» Task description
The required output is a copy of each line in the material below that includes "TransferFcn".

"""

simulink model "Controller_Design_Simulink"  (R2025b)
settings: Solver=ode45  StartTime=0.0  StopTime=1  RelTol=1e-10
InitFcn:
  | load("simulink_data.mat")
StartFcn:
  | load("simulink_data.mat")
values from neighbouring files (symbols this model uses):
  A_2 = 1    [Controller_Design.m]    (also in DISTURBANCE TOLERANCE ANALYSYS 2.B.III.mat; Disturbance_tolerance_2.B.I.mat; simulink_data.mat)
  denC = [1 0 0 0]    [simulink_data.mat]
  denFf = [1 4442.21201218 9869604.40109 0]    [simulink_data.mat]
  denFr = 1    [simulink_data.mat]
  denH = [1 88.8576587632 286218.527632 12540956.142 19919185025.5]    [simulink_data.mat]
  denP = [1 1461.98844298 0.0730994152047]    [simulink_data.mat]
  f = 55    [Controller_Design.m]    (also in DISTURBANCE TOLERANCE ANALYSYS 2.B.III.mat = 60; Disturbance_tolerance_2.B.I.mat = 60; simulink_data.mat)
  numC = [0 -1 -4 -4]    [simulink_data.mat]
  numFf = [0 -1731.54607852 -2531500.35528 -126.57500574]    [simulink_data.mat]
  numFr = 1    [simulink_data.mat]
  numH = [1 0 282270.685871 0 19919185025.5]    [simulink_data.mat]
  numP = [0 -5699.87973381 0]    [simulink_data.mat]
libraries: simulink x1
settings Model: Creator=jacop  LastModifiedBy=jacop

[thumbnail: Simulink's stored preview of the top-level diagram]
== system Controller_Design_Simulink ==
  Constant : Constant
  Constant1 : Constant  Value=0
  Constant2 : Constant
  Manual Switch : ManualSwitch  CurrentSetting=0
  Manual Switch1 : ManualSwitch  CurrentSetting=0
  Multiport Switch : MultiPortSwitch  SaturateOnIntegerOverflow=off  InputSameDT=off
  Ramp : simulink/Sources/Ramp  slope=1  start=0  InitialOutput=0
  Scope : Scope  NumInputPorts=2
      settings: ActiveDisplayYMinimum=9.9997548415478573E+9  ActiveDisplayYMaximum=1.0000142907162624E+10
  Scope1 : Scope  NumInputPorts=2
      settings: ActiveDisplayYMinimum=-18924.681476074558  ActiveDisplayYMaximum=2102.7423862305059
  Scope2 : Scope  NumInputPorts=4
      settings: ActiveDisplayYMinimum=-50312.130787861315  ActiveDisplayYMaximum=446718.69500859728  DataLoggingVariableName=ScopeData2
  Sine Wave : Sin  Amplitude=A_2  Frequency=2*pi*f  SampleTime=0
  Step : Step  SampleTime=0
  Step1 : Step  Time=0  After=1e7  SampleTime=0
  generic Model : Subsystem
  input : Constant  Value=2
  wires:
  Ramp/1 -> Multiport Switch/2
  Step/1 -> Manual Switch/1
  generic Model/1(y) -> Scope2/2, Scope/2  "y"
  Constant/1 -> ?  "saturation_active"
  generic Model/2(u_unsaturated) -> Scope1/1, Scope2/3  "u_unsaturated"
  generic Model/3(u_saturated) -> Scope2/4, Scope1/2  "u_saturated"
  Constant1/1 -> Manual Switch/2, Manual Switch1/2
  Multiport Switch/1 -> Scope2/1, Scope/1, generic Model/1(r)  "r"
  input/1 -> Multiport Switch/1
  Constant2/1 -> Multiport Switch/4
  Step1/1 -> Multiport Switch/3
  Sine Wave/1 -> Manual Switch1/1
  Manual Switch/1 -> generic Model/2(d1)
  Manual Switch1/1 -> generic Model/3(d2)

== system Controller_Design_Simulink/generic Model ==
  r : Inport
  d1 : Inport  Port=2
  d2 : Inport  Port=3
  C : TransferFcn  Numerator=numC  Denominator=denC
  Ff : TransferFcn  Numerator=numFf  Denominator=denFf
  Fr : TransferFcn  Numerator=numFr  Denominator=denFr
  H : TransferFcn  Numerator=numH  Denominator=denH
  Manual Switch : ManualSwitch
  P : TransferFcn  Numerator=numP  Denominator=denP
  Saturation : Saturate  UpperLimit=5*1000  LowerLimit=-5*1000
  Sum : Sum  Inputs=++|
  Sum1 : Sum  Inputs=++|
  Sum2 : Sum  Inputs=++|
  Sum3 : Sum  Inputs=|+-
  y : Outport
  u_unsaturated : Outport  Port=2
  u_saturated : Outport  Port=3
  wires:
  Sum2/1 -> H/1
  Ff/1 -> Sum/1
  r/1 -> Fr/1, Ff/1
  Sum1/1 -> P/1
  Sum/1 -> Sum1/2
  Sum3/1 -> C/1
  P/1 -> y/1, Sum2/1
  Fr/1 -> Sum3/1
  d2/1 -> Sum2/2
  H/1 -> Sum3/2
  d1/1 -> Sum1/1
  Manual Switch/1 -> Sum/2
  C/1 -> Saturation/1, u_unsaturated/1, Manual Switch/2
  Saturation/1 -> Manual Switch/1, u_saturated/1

"""

» Exercise result
  C : TransferFcn  Numerator=numC  Denominator=denC
  Ff : TransferFcn  Numerator=numFf  Denominator=denFf
  Fr : TransferFcn  Numerator=numFr  Denominator=denFr
  H : TransferFcn  Numerator=numH  Denominator=denH
  P : TransferFcn  Numerator=numP  Denominator=denP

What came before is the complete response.